Rejection 


Yes, not the post title I thought I’d be making, but Amanda is in rejection. She had a biopsy yesterday and got the call this afternoon that she was in rejection. It’s a 2R, which is what we dealt with not long after the transplant back in July. They can knock this back with a super heavy dose of steroids and maybe some other adjustments. 1R is mild rejection, which is pretty much considered a zero and treated as such; she’s had that a few times. 2R is the next step up and is noted as moderate rejection, but in actuality, it’s considered mild. She is being admitted today for treatment and monitoring. Either way, this is a pretty big hit for us after she’s been doing so well heart-wise.

I’m back in Texas to work for a stint, so that makes it harder for both of us, too. I’m staying put for the time being. If things escalate, I may need to hop on a plane, though. We knew it would be like this if something happened, and that’s why we have friends staying with her in my absence. Of course, I’m worried, but at the same time, they’ve knocked a 2R down a couple of times before. Once with this heart and once with her first transplant. It is concerning that this happened so far out, though. 

The team is obviously going to need to come up with a better anti-rejection medication regimen. She has been off one of her main rejection medications because of her low white count, which has obviously played a significant role in this rejection. Along with a recent lowering of her steroids and not adding the other medication, allowed this rejection to rear it’s head. Amanda hates the steroids, too. They make her face super round and puffy; it’s a well-known side effect called moonface, and she can’t stand it. She is super petite, too, and her face just doesn’t seem to fit with her small body. The lowering of the steroids was helping the moonface go down a bit, but now with the crazy high dose she’s about to receive, and a likely increase in her maintenance dose, it won’t be getting better anytime soon. This is low on the worry list, but it’s still a big deal for Amanda.

After she got the call from her coordinator and we talked, she scrambled to find things and pack for the hospital. She was asking where I’d put a few things —some of our hospital stuff. I just packed a good bit away in our outside storage on the patio, not expecting to need it anytime soon. She was already slightly packed yesterday. She said it was better to have a hospital bag packed so she wouldn’t have to tell Jenny where to look for things, since I wouldn’t be there to pack as usual. I even asked her when she was packing yesterday, “Are you planning on staying?” She said not at all, but just that she wanted to be prepared since I wasn’t going to be there. I guess she did end up needing it, maybe she should have left well enough alone and not packed a bag at all!

This feels like some rough news. We know there’s a plan in all of this. We’ve seen God work some crazy miracles for us, and know He’ll work this for good. But still, there’s that “Really, here we go again, feeling.” Amanda texted me, saying, “I don’t want to do this.” I feel so bad for her. I know the last thing she wants to do is go to the hospital again after being inpatient for four months, especially with me not there and in Texas.
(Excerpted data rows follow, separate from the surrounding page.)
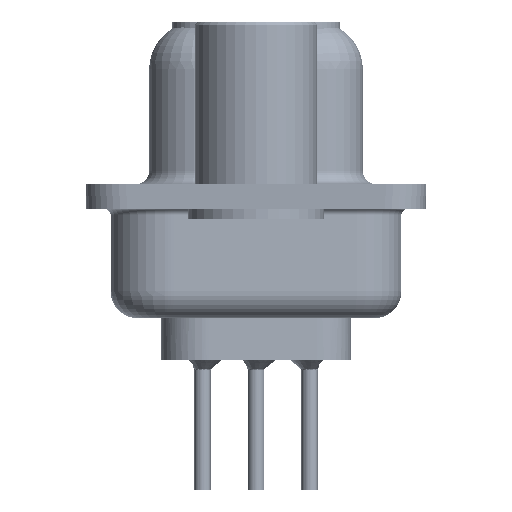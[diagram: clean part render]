
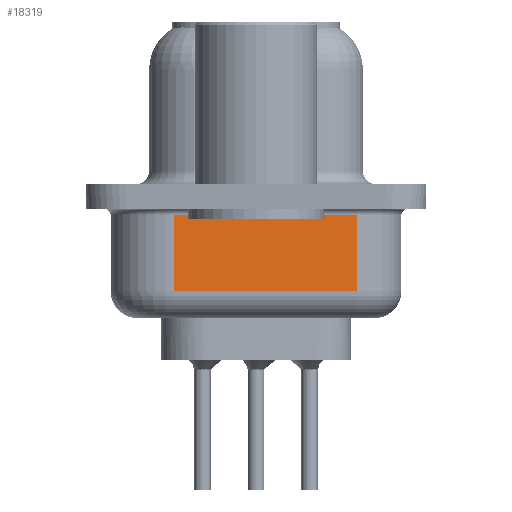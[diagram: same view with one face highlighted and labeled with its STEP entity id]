
A CAD part, left-side view. The second image highlights one B-rep face of the part: STEP entity #18319.
In plain terms, the highlighted planar face has unit normal (-0.985, -0.174, 0).
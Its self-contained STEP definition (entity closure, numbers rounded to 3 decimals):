
#634 = LINE ( 'NONE', #8789, #8049 ) ;
#1126 = EDGE_CURVE ( 'NONE', #11165, #22857, #634, .T. ) ;
#1248 = ORIENTED_EDGE ( 'NONE', *, *, #31371, .F. ) ;
#1381 = CARTESIAN_POINT ( 'NONE',  ( 4.031, -3.722, -0.7 ) ) ;
#2010 = VERTEX_POINT ( 'NONE', #3119 ) ;
#3119 = CARTESIAN_POINT ( 'NONE',  ( 2.84, 3.028, -0.7 ) ) ;
#3187 = VECTOR ( 'NONE', #6540, 1000. ) ;
#4536 = CARTESIAN_POINT ( 'NONE',  ( 2.84, 3.028, -4.5 ) ) ;
#4649 = PLANE ( 'NONE',  #20143 ) ;
#6381 = VECTOR ( 'NONE', #21636, 1000. ) ;
#6540 = DIRECTION ( 'NONE',  ( 0., 0., 1. ) ) ;
#6866 = CARTESIAN_POINT ( 'NONE',  ( 2.84, 3.028, -3.5 ) ) ;
#8049 = VECTOR ( 'NONE', #16102, 1000. ) ;
#8409 = ORIENTED_EDGE ( 'NONE', *, *, #32176, .T. ) ;
#8789 = CARTESIAN_POINT ( 'NONE',  ( 2.84, 3.028, -3.5 ) ) ;
#10415 = VERTEX_POINT ( 'NONE', #1381 ) ;
#11165 = VERTEX_POINT ( 'NONE', #6866 ) ;
#11254 = CARTESIAN_POINT ( 'NONE',  ( 2.84, 3.028, -0.7 ) ) ;
#13075 = ORIENTED_EDGE ( 'NONE', *, *, #1126, .T. ) ;
#15178 = DIRECTION ( 'NONE',  ( 0.985, 0.174, 0. ) ) ;
#16102 = DIRECTION ( 'NONE',  ( 0.174, -0.985, 0. ) ) ;
#17716 = CARTESIAN_POINT ( 'NONE',  ( 2.84, 3.028, -4.5 ) ) ;
#18093 = EDGE_LOOP ( 'NONE', ( #1248, #13075, #23674, #8409 ) ) ;
#18319 = ADVANCED_FACE ( 'NONE', ( #20108 ), #4649, .F. ) ;
#19291 = CARTESIAN_POINT ( 'NONE',  ( 4.031, -3.722, -4.5 ) ) ;
#20108 = FACE_OUTER_BOUND ( 'NONE', #18093, .T. ) ;
#20143 = AXIS2_PLACEMENT_3D ( 'NONE', #17716, #15178, #22832 ) ;
#20636 = CARTESIAN_POINT ( 'NONE',  ( 4.031, -3.722, -3.5 ) ) ;
#21636 = DIRECTION ( 'NONE',  ( -0.174, 0.985, 0. ) ) ;
#22832 = DIRECTION ( 'NONE',  ( -0.174, 0.985, 0. ) ) ;
#22857 = VERTEX_POINT ( 'NONE', #20636 ) ;
#23674 = ORIENTED_EDGE ( 'NONE', *, *, #31857, .T. ) ;
#27836 = DIRECTION ( 'NONE',  ( 0., 0., 1. ) ) ;
#29489 = LINE ( 'NONE', #11254, #6381 ) ;
#29689 = LINE ( 'NONE', #19291, #3187 ) ;
#30876 = VECTOR ( 'NONE', #27836, 1000. ) ;
#31371 = EDGE_CURVE ( 'NONE', #11165, #2010, #32604, .T. ) ;
#31857 = EDGE_CURVE ( 'NONE', #22857, #10415, #29689, .T. ) ;
#32176 = EDGE_CURVE ( 'NONE', #10415, #2010, #29489, .T. ) ;
#32604 = LINE ( 'NONE', #4536, #30876 ) ;

I had read the pathology report, which showed antibody mediated rejection (AMR), which is what led us down this path to a second transplant. I was pretty concerned about that showing up. The cellular rejection we’ve dealt with and beat, but not the AMR. The NP, upon admission, said the reactive protein that would indicate AMR was negative, so they weren’t worried about it. Sometimes, having access to all the charts online is a bad thing; in this case, it seems I worried myself for nothing. I do like having all the access, though. I was able to read the report on the biosy yesterday right after it happened and I can keep up with all of her labs and after visit reports, too. It’s really nice to have all of that at my finger tips in an app, especally while I gone.

The big prayer request was for the kidneys, but this rejection is at the top of the list. The kidneys are on the back burner, secondary to the rejection now. We still need the kidneys to wake up, and I’ll get y’all up to date on them sooner or later, but the rejection is the top prayer priority. This is a pretty hard blow to take. I’m praying hard that this is just a temporary hiccup, nothing too big, and she can get back to focusing on her rehab.

She’s already in a room. They’ve started the IV steroids, and nephrology has her on the dialysis schedule. She missed her Wednesday dialysis because the biopsy ran late. So, she was up early this morning for that, then they’ll do her regular session tomorrow. We aren’t sure how long this stint will be, but I imagine it will be a week to 10 days if her subsequent biopsy comes back good. I’m sure we’ll have a pretty solid plan after rounds tomorrow. Wishing I were there to bombard the cardiologist with all my questions as usual!